How do I get a thicker heartier sound?

gongli

New member
When I compare my recordings to an award winning engineer's work, mine is thine and small sounding.
Are the gears giving me this, or perhaps mixing technique?

I am using US-1800 Tascam interface, Studio Projects microphones C1 and C4, with Epic reverb.
His is apple computer based system with $35,000 effects hardware Lexicon, with Schoeps and Neumann U87 mics.

Any light on this problem will be greatly appreciated...

Oh, and I record classical music - cello with piano accompaniment.

Thank you sincerely, and have a great one everyone !
:D
 
Experience. That's the key word. He would probably get similar results using your gear.
It's more then gear and the mixing.
The recording process is a whole series of little and not so little steps where everything is done right and with care.

Mixing is only one of the last steps where everything gets blended together.

One can only mix what is there in the first place.

If you know this person, maybe you could ask if he'd let you help him set up mics sometime. A lot can be learned from just that.
 
When I compare my recordings to an award winning engineer's work, mine is thine and small sounding.
Are the gears giving me this, or perhaps mixing technique?

I am using US-1800 Tascam interface, Studio Projects microphones C1 and C4, with Epic reverb.
His is apple computer based system with $35,000 effects hardware Lexicon, with Schoeps and Neumann U87 mics.

Any light on this problem will be greatly appreciated...

Oh, and I record classical music - cello with piano accompaniment.

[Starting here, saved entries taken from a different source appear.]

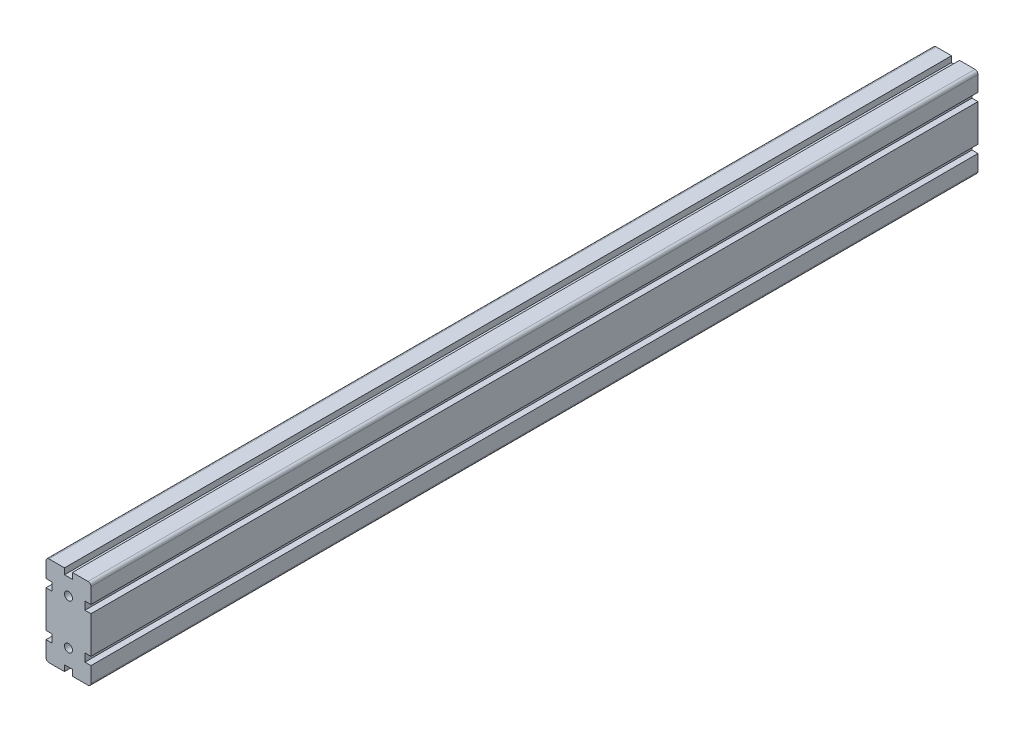
ISO-10303-21;
HEADER;
FILE_DESCRIPTION(('STEP AP214'),'2;1');
FILE_NAME('part.step','',(''),(''),'','','');
FILE_SCHEMA(('AUTOMOTIVE_DESIGN { 1 0 10303 214 1 1 1 1 }'));
ENDSEC;
DATA;
#1=APPLICATION_CONTEXT('core data for automotive mechanical design processes');
#2=APPLICATION_PROTOCOL_DEFINITION('international standard','automotive_design',2000,#1);
#3=PRODUCT_CONTEXT('',#1,'mechanical');
#4=PRODUCT('Part','Part','',(#3));
#5=PRODUCT_RELATED_PRODUCT_CATEGORY('part','',(#4));
#6=PRODUCT_DEFINITION_FORMATION('','',#4);
#7=PRODUCT_DEFINITION_CONTEXT('part definition',#1,'design');
#8=PRODUCT_DEFINITION('design','',#6,#7);
#9=PRODUCT_DEFINITION_SHAPE('','',#8);
#10=(LENGTH_UNIT() NAMED_UNIT(*) SI_UNIT(.MILLI.,.METRE.));
#11=(NAMED_UNIT(*) PLANE_ANGLE_UNIT() SI_UNIT($,.RADIAN.));
#12=(NAMED_UNIT(*) SI_UNIT($,.STERADIAN.) SOLID_ANGLE_UNIT());
#13=UNCERTAINTY_MEASURE_WITH_UNIT(LENGTH_MEASURE(1.E-05),#10,'distance_accuracy_value','');
#14=(GEOMETRIC_REPRESENTATION_CONTEXT(3) GLOBAL_UNCERTAINTY_ASSIGNED_CONTEXT((#13)) GLOBAL_UNIT_ASSIGNED_CONTEXT((#10,
#11,#12)) REPRESENTATION_CONTEXT('',''));
#15=CARTESIAN_POINT('',(0.,0.,0.));
#16=DIRECTION('',(0.,0.,1.));
#17=DIRECTION('',(1.,0.,0.));
#18=AXIS2_PLACEMENT_3D('',#15,#16,#17);
#19=CARTESIAN_POINT('',(-16.5000000000001,26.5,-112.));
#20=DIRECTION('',(-1.,0.,0.));
#21=DIRECTION('',(0.,0.,1.));
#22=AXIS2_PLACEMENT_3D('',#19,#20,#21);
#23=PLANE('',#22);
#24=DIRECTION('',(0.,1.,0.));
#25=VECTOR('',#24,1.);
#26=CARTESIAN_POINT('',(-16.5000000000001,26.5,-1000.));
#27=LINE('',#26,#25);
#28=CARTESIAN_POINT('',(-16.5000000000001,18.5,-1000.));
#29=VERTEX_POINT('',#28);
#30=CARTESIAN_POINT('',(-16.5000000000001,26.5,-1000.));
#31=VERTEX_POINT('',#30);
#32=EDGE_CURVE('E273',#29,#31,#27,.T.);
#33=ORIENTED_EDGE('',*,*,#32,.F.);
#34=DIRECTION('',(0.,0.,-1.));
#35=VECTOR('',#34,1.);
#36=CARTESIAN_POINT('',(-16.5000000000001,18.5,-112.));
#37=LINE('',#36,#35);
#38=CARTESIAN_POINT('',(-16.5000000000001,18.5,-112.));
#39=VERTEX_POINT('',#38);
#40=EDGE_CURVE('E11',#39,#29,#37,.T.);
#41=ORIENTED_EDGE('',*,*,#40,.F.);
#42=DIRECTION('',(0.,1.,0.));
#43=VECTOR('',#42,1.);
#44=CARTESIAN_POINT('',(-16.5000000000001,26.5,-112.));
#45=LINE('',#44,#43);
#46=CARTESIAN_POINT('',(-16.5000000000001,26.5,-112.));
#47=VERTEX_POINT('',#46);
#48=EDGE_CURVE('E366',#39,#47,#45,.T.);
#49=ORIENTED_EDGE('',*,*,#48,.T.);
#50=DIRECTION('',(0.,0.,-1.));
#51=VECTOR('',#50,1.);
#52=CARTESIAN_POINT('',(-16.5000000000001,26.5,-112.));
#53=LINE('',#52,#51);
#54=EDGE_CURVE('E35',#47,#31,#53,.T.);
#55=ORIENTED_EDGE('',*,*,#54,.T.);
#56=EDGE_LOOP('',(#33,#41,#49,#55));
#57=FACE_BOUND('',#56,.T.);
#58=ADVANCED_FACE('F32',(#57),#23,.T.);
#59=CARTESIAN_POINT('',(-22.4999999999999,18.5,-112.));
#60=DIRECTION('',(0.,1.,0.));
#61=DIRECTION('',(0.,0.,1.));
#62=AXIS2_PLACEMENT_3D('',#59,#60,#61);
#63=PLANE('',#62);
#64=DIRECTION('',(1.,0.,0.));
#65=VECTOR('',#64,1.);
#66=CARTESIAN_POINT('',(-22.4999999999999,18.5,-1000.));
#67=LINE('',#66,#65);
#68=CARTESIAN_POINT('',(-22.4999999999999,18.5,-1000.));
#69=VERTEX_POINT('',#68);
#70=EDGE_CURVE('E364',#69,#29,#67,.T.);
#71=ORIENTED_EDGE('',*,*,#70,.F.);
#72=DIRECTION('',(0.,0.,-1.));
#73=VECTOR('',#72,1.);
#74=CARTESIAN_POINT('',(-22.4999999999999,18.5,-112.));
#75=LINE('',#74,#73);
#76=CARTESIAN_POINT('',(-22.4999999999999,18.5,-112.));
#77=VERTEX_POINT('',#76);
#78=EDGE_CURVE('E41',#77,#69,#75,.T.);
#79=ORIENTED_EDGE('',*,*,#78,.F.);
#80=DIRECTION('',(1.,0.,0.));
#81=VECTOR('',#80,1.);
#82=CARTESIAN_POINT('',(-22.4999999999999,18.5,-112.));
#83=LINE('',#82,#81);
#84=EDGE_CURVE('E263',#77,#39,#83,.T.);
#85=ORIENTED_EDGE('',*,*,#84,.T.);
#86=ORIENTED_EDGE('',*,*,#40,.T.);
#87=EDGE_LOOP('',(#71,#79,#85,#86));
#88=FACE_BOUND('',#87,.T.);
#89=ADVANCED_FACE('F426',(#88),#63,.T.);
#90=CARTESIAN_POINT('',(-22.4999999999999,-18.5,-112.));
#91=DIRECTION('',(-1.,0.,0.));
#92=DIRECTION('',(0.,0.,1.));
#93=AXIS2_PLACEMENT_3D('',#90,#91,#92);
#94=PLANE('',#93);
#95=DIRECTION('',(0.,1.,0.));
#96=VECTOR('',#95,1.);
#97=CARTESIAN_POINT('',(-22.4999999999999,-18.5,-1000.));
#98=LINE('',#97,#96);
#99=CARTESIAN_POINT('',(-22.4999999999999,-18.5,-1000.));
#100=VERTEX_POINT('',#99);
#101=EDGE_CURVE('E250',#100,#69,#98,.T.);
#102=ORIENTED_EDGE('',*,*,#101,.F.);
#103=DIRECTION('',(0.,0.,-1.));
#104=VECTOR('',#103,1.);
#105=CARTESIAN_POINT('',(-22.4999999999999,-18.5,-112.));
#106=LINE('',#105,#104);
#107=CARTESIAN_POINT('',(-22.4999999999999,-18.5,-112.));
#108=VERTEX_POINT('',#107);
#109=EDGE_CURVE('E245',#108,#100,#106,.T.);
#110=ORIENTED_EDGE('',*,*,#109,.F.);
#111=DIRECTION('',(0.,1.,0.));
#112=VECTOR('',#111,1.);
#113=CARTESIAN_POINT('',(-22.4999999999999,-18.5,-112.));
#114=LINE('',#113,#112);
#115=EDGE_CURVE('E248',#108,#77,#114,.T.);
#116=ORIENTED_EDGE('',*,*,#115,.T.);
#117=ORIENTED_EDGE('',*,*,#78,.T.);
#118=EDGE_LOOP('',(#102,#110,#116,#117));
#119=FACE_BOUND('',#118,.T.);
#120=ADVANCED_FACE('F247',(#119),#94,.T.);
#121=CARTESIAN_POINT('',(-16.5000000000011,-18.5,-112.));
#122=DIRECTION('',(0.,-1.,0.));
#123=DIRECTION('',(0.,0.,-1.));
#124=AXIS2_PLACEMENT_3D('',#121,#122,#123);
#125=PLANE('',#124);
#126=DIRECTION('',(-1.,0.,0.));
#127=VECTOR('',#126,1.);
#128=CARTESIAN_POINT('',(-16.5000000000011,-18.5,-1000.));
#129=LINE('',#128,#127);
#130=CARTESIAN_POINT('',(-16.5000000000011,-18.5,-1000.));
#131=VERTEX_POINT('',#130);
#132=EDGE_CURVE('E361',#131,#100,#129,.T.);
#133=ORIENTED_EDGE('',*,*,#132,.F.);
#134=DIRECTION('',(0.,0.,-1.));
#135=VECTOR('',#134,1.);
#136=CARTESIAN_POINT('',(-16.5000000000011,-18.5,-112.));
#137=LINE('',#136,#135);
#138=CARTESIAN_POINT('',(-16.5000000000011,-18.5,-112.));
#139=VERTEX_POINT('',#138);
#140=EDGE_CURVE('E255',#139,#131,#137,.T.);
#141=ORIENTED_EDGE('',*,*,#140,.F.);
#142=DIRECTION('',(-1.,0.,0.));
#143=VECTOR('',#142,1.);
#144=CARTESIAN_POINT('',(-16.5000000000011,-18.5,-112.));
#145=LINE('',#144,#143);
#146=EDGE_CURVE('E261',#139,#108,#145,.T.);
#147=ORIENTED_EDGE('',*,*,#146,.T.);
#148=ORIENTED_EDGE('',*,*,#109,.T.);
#149=EDGE_LOOP('',(#133,#141,#147,#148));
#150=FACE_BOUND('',#149,.T.);
#151=ADVANCED_FACE('F265',(#150),#125,.T.);
#152=CARTESIAN_POINT('',(-16.5000000000011,-18.5,-112.));
#153=DIRECTION('',(-1.,0.,0.));
#154=DIRECTION('',(0.,0.,1.));
#155=AXIS2_PLACEMENT_3D('',#152,#153,#154);
#156=PLANE('',#155);
#157=DIRECTION('',(0.,1.,0.));
#158=VECTOR('',#157,1.);
#159=CARTESIAN_POINT('',(-16.5000000000011,-18.5,-1000.));
#160=LINE('',#159,#158);
#161=CARTESIAN_POINT('',(-16.5000000000011,-26.5,-1000.));
#162=VERTEX_POINT('',#161);
#163=EDGE_CURVE('E358',#162,#131,#160,.T.);
#164=ORIENTED_EDGE('',*,*,#163,.F.);
#165=DIRECTION('',(0.,0.,-1.));
#166=VECTOR('',#165,1.);
#167=CARTESIAN_POINT('',(-16.5000000000011,-26.5,-112.));
#168=LINE('',#167,#166);
#169=CARTESIAN_POINT('',(-16.5000000000011,-26.5,-112.));
#170=VERTEX_POINT('',#169);
#171=EDGE_CURVE('E370',#170,#162,#168,.T.);
#172=ORIENTED_EDGE('',*,*,#171,.F.);
#173=DIRECTION('',(0.,1.,0.));
#174=VECTOR('',#173,1.);
#175=CARTESIAN_POINT('',(-16.5000000000011,-18.5,-112.));
#176=LINE('',#175,#174);
#177=EDGE_CURVE('E266',#170,#139,#176,.T.);
#178=ORIENTED_EDGE('',*,*,#177,.T.);
#179=ORIENTED_EDGE('',*,*,#140,.T.);
#180=EDGE_LOOP('',(#164,#172,#178,#179));
#181=FACE_BOUND('',#180,.T.);
#182=ADVANCED_FACE('F439',(#181),#156,.T.);
#183=CARTESIAN_POINT('',(-22.4999999999999,-26.5,-112.));
#184=DIRECTION('',(0.,1.,0.));
#185=DIRECTION('',(0.,0.,1.));
#186=AXIS2_PLACEMENT_3D('',#183,#184,#185);
#187=PLANE('',#186);
#188=DIRECTION('',(1.,0.,0.));
#189=VECTOR('',#188,1.);
#190=CARTESIAN_POINT('',(-22.4999999999999,-26.5,-1000.));
#191=LINE('',#190,#189);
#192=CARTESIAN_POINT('',(-22.4999999999999,-26.5,-1000.));
#193=VERTEX_POINT('',#192);
#194=EDGE_CURVE('E355',#193,#162,#191,.T.);
#195=ORIENTED_EDGE('',*,*,#194,.F.);
#196=DIRECTION('',(0.,0.,-1.));
#197=VECTOR('',#196,1.);
#198=CARTESIAN_POINT('',(-22.4999999999999,-26.5,-112.));
#199=LINE('',#198,#197);
#200=CARTESIAN_POINT('',(-22.4999999999999,-26.5,-112.));
#201=VERTEX_POINT('',#200);
#202=EDGE_CURVE('E372',#201,#193,#199,.T.);
#203=ORIENTED_EDGE('',*,*,#202,.F.);
#204=DIRECTION('',(1.,0.,0.));
#205=VECTOR('',#204,1.);
#206=CARTESIAN_POINT('',(-22.4999999999999,-26.5,-112.));
#207=LINE('',#206,#205);
#208=EDGE_CURVE('E268',#201,#170,#207,.T.);
#209=ORIENTED_EDGE('',*,*,#208,.T.);
#210=ORIENTED_EDGE('',*,*,#171,.T.);
#211=EDGE_LOOP('',(#195,#203,#209,#210));
#212=FACE_BOUND('',#211,.T.);
#213=ADVANCED_FACE('F442',(#212),#187,.T.);
#214=CARTESIAN_POINT('',(-22.4999999999999,-42.,-112.));
#215=DIRECTION('',(-1.,0.,0.));
#216=DIRECTION('',(0.,0.,1.));
#217=AXIS2_PLACEMENT_3D('',#214,#215,#216);
#218=PLANE('',#217);
#219=DIRECTION('',(0.,1.,0.));
#220=VECTOR('',#219,1.);
#221=CARTESIAN_POINT('',(-22.4999999999999,-42.,-1000.));
#222=LINE('',#221,#220);
#223=CARTESIAN_POINT('',(-22.4999999999999,-42.,-1000.));
#224=VERTEX_POINT('',#223);
#225=EDGE_CURVE('E352',#224,#193,#222,.T.);
#226=ORIENTED_EDGE('',*,*,#225,.F.);
#227=DIRECTION('',(0.,0.,-1.));
#228=VECTOR('',#227,1.);
#229=CARTESIAN_POINT('',(-22.4999999999999,-42.,-112.));
#230=LINE('',#229,#228);
#231=CARTESIAN_POINT('',(-22.4999999999999,-42.,-112.));
#232=VERTEX_POINT('',#231);
#233=EDGE_CURVE('E374',#232,#224,#230,.T.);
#234=ORIENTED_EDGE('',*,*,#233,.F.);
#235=DIRECTION('',(0.,1.,0.));
#236=VECTOR('',#235,1.);
#237=CARTESIAN_POINT('',(-22.4999999999999,-42.,-112.));
#238=LINE('',#237,#236);
#239=EDGE_CURVE('E656',#232,#201,#238,.T.);
#240=ORIENTED_EDGE('',*,*,#239,.T.);
#241=ORIENTED_EDGE('',*,*,#202,.T.);
#242=EDGE_LOOP('',(#226,#234,#240,#241));
#243=FACE_BOUND('',#242,.T.);
#244=ADVANCED_FACE('F446',(#243),#218,.T.);
#245=CARTESIAN_POINT('',(-19.4999999999999,-42.,-112.));
#246=DIRECTION('',(0.,0.,-1.));
#247=DIRECTION('',(-1.,0.,0.));
#248=AXIS2_PLACEMENT_3D('',#245,#246,#247);
#249=CYLINDRICAL_SURFACE('',#248,3.00000000000001);
#250=CARTESIAN_POINT('',(-19.4999999999999,-42.,-1000.));
#251=DIRECTION('',(0.,0.,-1.));
#252=DIRECTION('',(-1.,0.,0.));
#253=AXIS2_PLACEMENT_3D('',#250,#251,#252);
#254=CIRCLE('',#253,3.00000000000001);
#255=CARTESIAN_POINT('',(-19.4999999999999,-45.,-1000.));
#256=VERTEX_POINT('',#255);
#257=EDGE_CURVE('E349',#256,#224,#254,.T.);
#258=ORIENTED_EDGE('',*,*,#257,.F.);
#259=DIRECTION('',(0.,0.,-1.));
#260=VECTOR('',#259,1.);
#261=CARTESIAN_POINT('',(-19.4999999999999,-45.,-112.));
#262=LINE('',#261,#260);
#263=CARTESIAN_POINT('',(-19.4999999999999,-45.,-112.));
#264=VERTEX_POINT('',#263);
#265=EDGE_CURVE('E376',#264,#256,#262,.T.);
#266=ORIENTED_EDGE('',*,*,#265,.F.);
#267=CARTESIAN_POINT('',(-19.4999999999999,-42.,-112.));
#268=DIRECTION('',(0.,0.,-1.));
#269=DIRECTION('',(-1.,0.,0.));
#270=AXIS2_PLACEMENT_3D('',#267,#268,#269);
#271=CIRCLE('',#270,3.00000000000001);
#272=EDGE_CURVE('E653',#264,#232,#271,.T.);
#273=ORIENTED_EDGE('',*,*,#272,.T.);
#274=ORIENTED_EDGE('',*,*,#233,.T.);
#275=EDGE_LOOP('',(#258,#266,#273,#274));
#276=FACE_BOUND('',#275,.T.);
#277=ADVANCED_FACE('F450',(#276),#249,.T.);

Thank you sincerely, and have a great one everyone !
:D

You're recording exactly the same player(s) / instrument / room as the professional aren't you? So there's a reasonable basis for comparison.
 
Yes exactly the same artist / song, and mine is thin and not as satisfying as the pros...
That is a good point - I will ask him if he would give me pointers - he is a super nice humble guy, considering he won an academic award for classical recording engineer !
 
Let's not forget the source and the space here...

Put a Strad or a Lupot (well, nice ones - There are "meh" sounding Strads and Lupots) in a "meh" sounding space and you're going to get a "meh" sounding recording limited by the space.

Put a Roth or a Yamaha in room two at Abbey Road and also get a "meh" sounding recording limited by the source.

Put the Lupot in room two -- Now you're limited by the gear. And you're always limited by the engineer's ears and the monitoring chain.

But in basically every case - the source and the space (which is really just an extension of the source) are going to be 95% of the recording.
 
Some of it could be in the musical arrangement. If you write the song to have a thick hearty sound, then the mix will not have too hard of a time going there. Remember that the notes being played create waveforms that interact with each other as you mix them together just as much as what effects you use.